TampaTom starts a series on some great finishing information.

Here is a comprehensive site on finishing that I got from flink's LJ post of Cool websites for Woodworkers.

Myron Wolley has a topic about hand rubbed finishing that has good advice on it from Douglas Bordner and schwingding.

USCJeff has a great blog on finishing wisdom.

Here is another complete Finishing Tips Guide on WoodCentral.

*Beeswax*

Here is an article by Rustic that gets some good conversation about a toy safe beeswax finish.

*Rit Dye/ Other Dye*

Daren Nelson has a great finishing trick with Rit Dye here, and a related article by Tim Pursell where his quarter sawn white oak finish looks terrific.

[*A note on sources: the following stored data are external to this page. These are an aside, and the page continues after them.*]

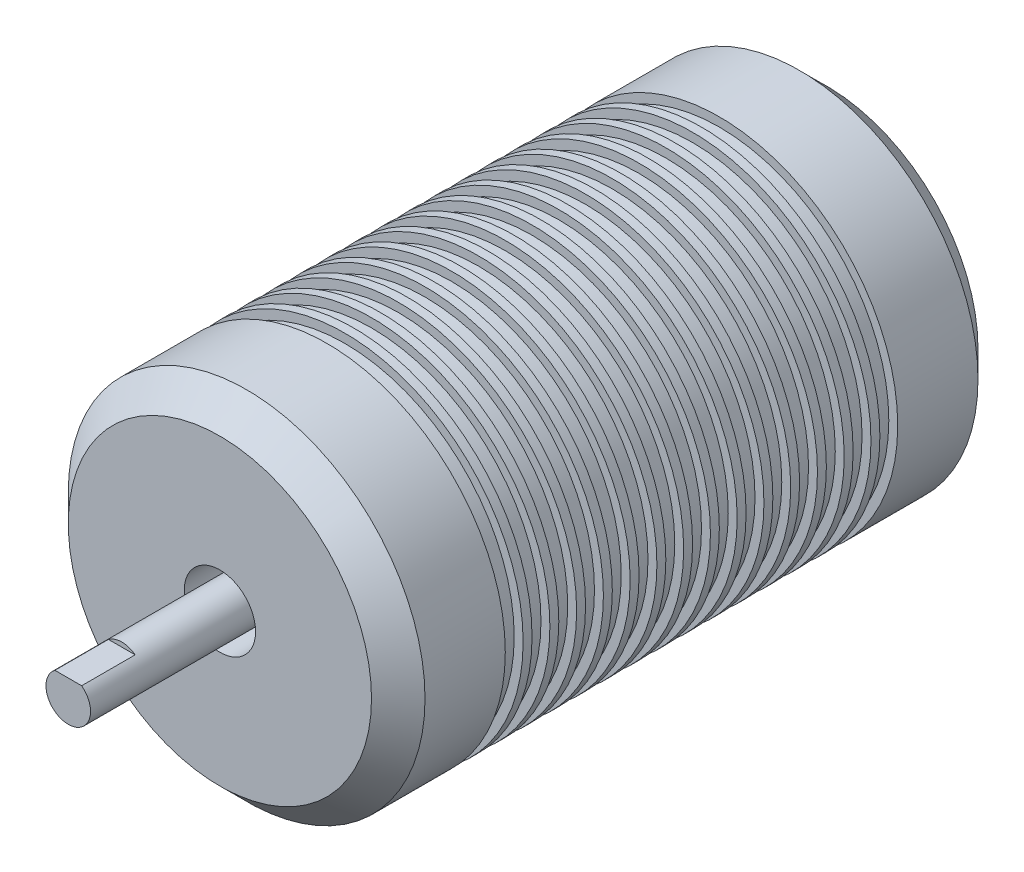
SolidWorks part; units mm, degrees
material "6061-T6 (SS)"
ref_plane "Front Plane" through (0, 0, 0) normal (0, 0, 1) x (1, 0, 0)
ref_plane "Top Plane" through (0, 0, 0) normal (0, 1, 0) x (1, 0, 0)
ref_plane "Right Plane" through (0, 0, 0) normal (1, 0, 0) x (0, 0, -1)
sketch "Sketch1" plane through (0, 0, 0) normal (0, 0, 1) x (1, 0, 0)
  circle A0 centre (0, 0) radius 20
  dimension "D1" = 40
extrude "Boss-Extrude1" add sketch "Sketch1" along normal blind 68
sketch "Sketch2" plane through (0, 0, 68) normal (0, 0, 1) x (1, 0, 0)
  circle A0 centre (0, 0) radius 2.5 construction
  circle A1 centre (0, 0) radius 4
  dimension "D1" = 5
  dimension "D2" = 1.5
extrude "Cut-Extrude1" cut sketch "Sketch2" against normal blind 10
sketch "Sketch3" plane through (0, 0, 58) normal (0, 0, 1) x (1, 0, 0)
  circle A0 centre (0, 0) radius 2.5
  dimension "D1" = 5
extrude "Boss-Extrude2" add sketch "Sketch3" along normal blind 27
sketch "Sketch4" plane through (0, 0, 85) normal (0, 0, 1) x (1, 0, 0)
  line L0 (-1.5, 2) -> (1.5, 2)
  circle A0 centre (0, 0) radius 2.5 construction
  circle A1 centre (0, 0) radius 2.5
  point P3 (0, 2.5)
  circle M2 centre (0, 0) radius 2.5
  dimension "D1" = 0.5
extrude "Cut-Extrude2" cut sketch "Sketch4" against normal blind 6 contours L0 M2
chamfer "Chamfer1" distance 3 angle 45 2 edges at (20, 0, 0) (20, 0, 68)
sketch3d "3DSketch1"
  line L0 (0, 0, 68) -> (0, 0, 0)
  circle A0 centre (0, 0, 0) radius 17 construction
  circle A1 centre (0, 0, 68) radius 17 construction
  circle A2 centre (0, 0, 0) radius 17
  circle A3 centre (0, 0, 68) radius 17
  point P2 (0, 0, -17)
  point P5 (0, 0, 85)
  point P7 (0, 0, -17)
  point P9 (0, 0, 85)
sketch "Sketch5" plane through (0, 0, 68) normal (0, 0, 1) x (1, 0, 0)
  circle A0 centre (0, 0) radius 19
  circle A1 centre (0, 0) radius 20 construction
  circle A2 centre (0, 0) radius 20
  dimension "D1" = 1
extrude "Cut-Extrude3" cut sketch "Sketch5" against normal blind 2 from offset 12 offset against normal yes
pattern_linear "LPattern1" count 15 spacing 3 along (0, 0, -1) of "Cut-Extrude3"

Gizmodyne has a topic about an Arts and Crafts finish where Dusty and others give great advice.

Emeralds has a short topic on achieving Red Hues in stain. Pretty good information was contributed by the Jocks.

I found a musical instrument finishing site on the net that is pretty comprehensive. Here is one on Guitars, with an entire span of resources and knowledge of finishing. If you have time, this site is WORTH the read. Bibb shows a project in LJ's here from a similar dye process, the Red Pagoda Jewelry box... His formula recipe for the pagoda box is here.... great project.

*Ebonizing.*

Here is an excellent article in LJ's by FosterFurn for an ebonizing finish.
Here is Allison's Ebonizing finish.
Here is BBQKing's "dark as midnight" Iron buff (ebonizing) discussion. Part 1. Part 2 (with pics).
Trifern blogs about an unbelievably fantastic ebonized finish called liming.

*Misc.*

Here is a site with Homemade and Alternative Stains and Colorants.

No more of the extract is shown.